So... this has escalated quickly from a "
I have a cluster in production that I need to move to a new switch" to
"I have a cluster with Ceph, with separate networks for quorum, Ceph Public and Ceph Cluster, from which will only move to another switch the Ceph Cluster network of all servers in the PVE Cluster, but the Ceph OSD are only on a subset of all the hosts of the PVE Cluster" (if I understand correctly your posts).
Sorry, but it's very very hard and time consuming to provide accurate answers in this forum if I don't have all the information, specially on a critical change like this.
Anyway, my first recomendation still applies:
Network wise, this is a simple as interconnecting both switchs stacks so devices on the old MLAG switches see those moved to the new MLAG swich using the same VLAN's.
So when you move a server to the new switch it will see the others still in the old switch.
Which one is used to keep ceph cluster running ?
Ceph Public it's used for monitor quorum and client access to OSD, CephFS, etc. Ceph Cluster is used for OSD replicas/recovery/backfill only. Depending on your pool configuration you will need to be able to write to at least to
n OSD for the I/O to finish. So you need both networks working for Ceph to work.
how much time do I have when moving he node (one at the time) to the new switch before that nod realizes that it has been separated from other PVE nodes ?

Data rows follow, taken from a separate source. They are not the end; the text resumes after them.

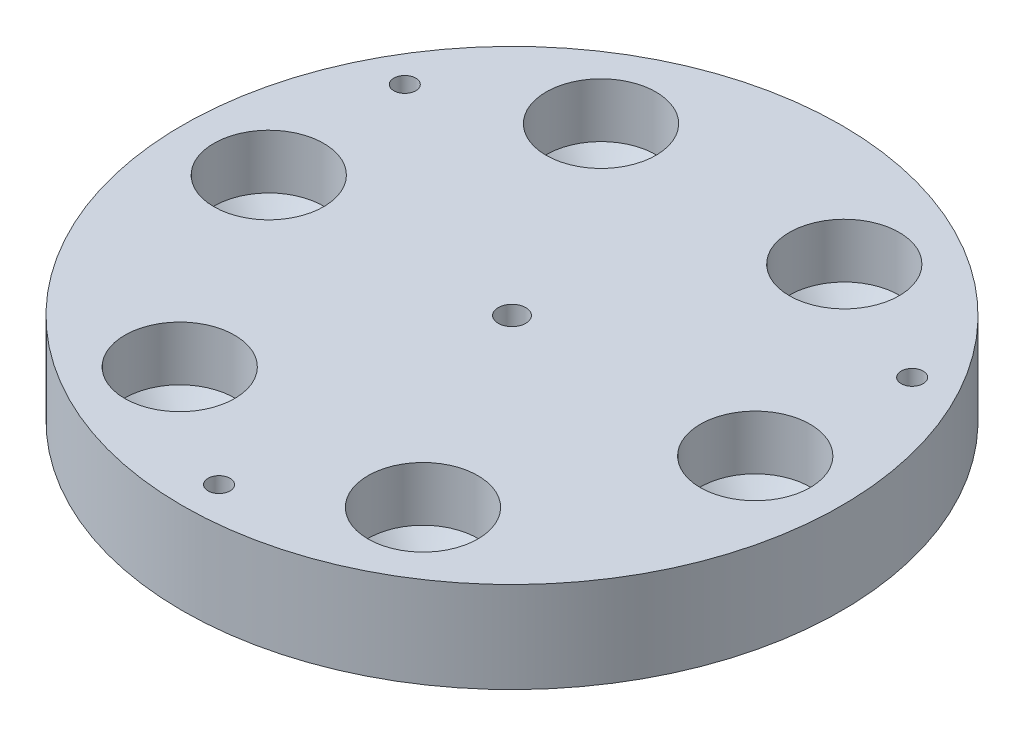
SolidWorks part; units mm, degrees
ref_plane "Front Plane" through (0, 0, 0) normal (0, 0, 1) x (1, 0, 0)
ref_plane "Top Plane" through (0, 0, 0) normal (0, 1, 0) x (1, 0, 0)
ref_plane "Right Plane" through (0, 0, 0) normal (1, 0, 0) x (0, 0, -1)
sketch "Sketch1" plane through (0, 0, 0) normal (0, 1, 0) x (1, 0, 0)
  circle A0 centre (0, 0) radius 45
  dimension "D1" = 90
extrude "Boss-Extrude1" add sketch "Sketch1" against normal blind 2 and the other way blind 10.4254 contours A0
sketch "Sketch2" plane through (0, 10.4254, 0) normal (0, 1, 0) x (1, 0, 0)
  circle A0 centre (0, 0) radius 33.2139
  circle A1 centre (0, 0) radius 1.875
  point P3 (16.607, 28.7641)
  point P4 (-16.607, 28.7641)
  point P5 (-33.2139, 0)
  point P6 (-16.607, -28.7641)
  point P7 (16.607, -28.7641)
  point P8 (33.2139, 0)
hole_wizard "Ø8.0mm Dowel Hole1" positions "Sketch3" profile "Sketch4" hole size "Ø8.0" standard "ANSI Metric"
sketch "Sketch3" plane through (0, 10.4254, 0) normal (0, 1, 0) x (1, 0, 0)
  point P0 (-16.607, 28.7641)
  point P3 (-16.607, -28.7641)
  point P6 (33.2139, 0)
  point P9 (16.607, 28.7641)
  point P12 (16.607, -28.7641)
  point P15 (-33.2139, 0)
sketch "Sketch4" plane through (-16.607, 10.4254, -28.7641) normal (1, 0, 0) x (0, 0, 1)
  line L0 (0, 0) -> (0, 14.9254)
  line L1 (0, 14.9254) -> (7.5, 7.4254)
  line L2 (7.5, 7.4254) -> (7.5, 0)
  line L5 (7.5, 0) -> (0, 0)
  line L10 (0, 14.9254) -> (-7.5, 7.4254) construction
  line L11 (0, -6.35) -> (0, 107.95) construction
  dimension "Hole Dia." = 15
  dimension "Hole Depth" = 7.4254
  dimension "Drill Angle" = 90
sketch "Sketch10" plane through (0, 10.4254, 0) normal (0, 1, 0) x (1, 0, 0)
  circle A0 centre (0, 0) radius 40
  point P3 (-34.641, 20)
  point P4 (0, -40)
  point P5 (34.641, 20)
hole_wizard "Ø3.0 (3) Diameter Hole1" positions "Sketch11" profile "Sketch12" hole size "Ø3.0" standard "ANSI Metric" end condition through all
sketch "Sketch11" plane through (0, 10.4254, 0) normal (0, 1, 0) x (1, 0, 0)
  point P0 (-34.641, 20)
  point P3 (0, -40)
  point P6 (34.641, 20)
sketch "Sketch12" plane through (-34.641, 10.4254, -20) normal (1, 0, 0) x (0, 0, 1)
  line L0 (0, 0) -> (0, 12.4254)
  line L1 (0, 12.4254) -> (1.5, 12.4254)
  line L2 (1.5, 12.4254) -> (1.5, 0)
  line L5 (1.5, 0) -> (0, 0)
  line L11 (0, -6.35) -> (0, 107.95) construction
  dimension "Thru Hole Dia." = 3
  dimension "Thru Hole Depth" = 12.4254
extrude "Cut-Extrude1" cut sketch "Sketch2" against normal blind 15 contours A1

Basically zero. Once a node with OSD's loses connection with the cluster network it will not be able to create replicas for the primary PGs it holds, so I/O for those PGs will block, so make sure to mark those OSD
down before moving that host. If you connect old and new switch between them, the operation will be as fast as moving the cable and marking the OSD
up again. Use the
noout flag so Ceph won't rebalance OSD's if they are down more than the default 10 minutes.
Also I should disable the HA for VMs running on the PVE node being moved to minimize chances of them being started on another mode - is there like a maintenance mode that would disable that ?
You must leave that node empty, just in case. By your posts I don't expect HA to fence the node, given that the PVE network (corosync quorum) will not be moved, but the safest thing to do is not to have any VM in the server you are working on.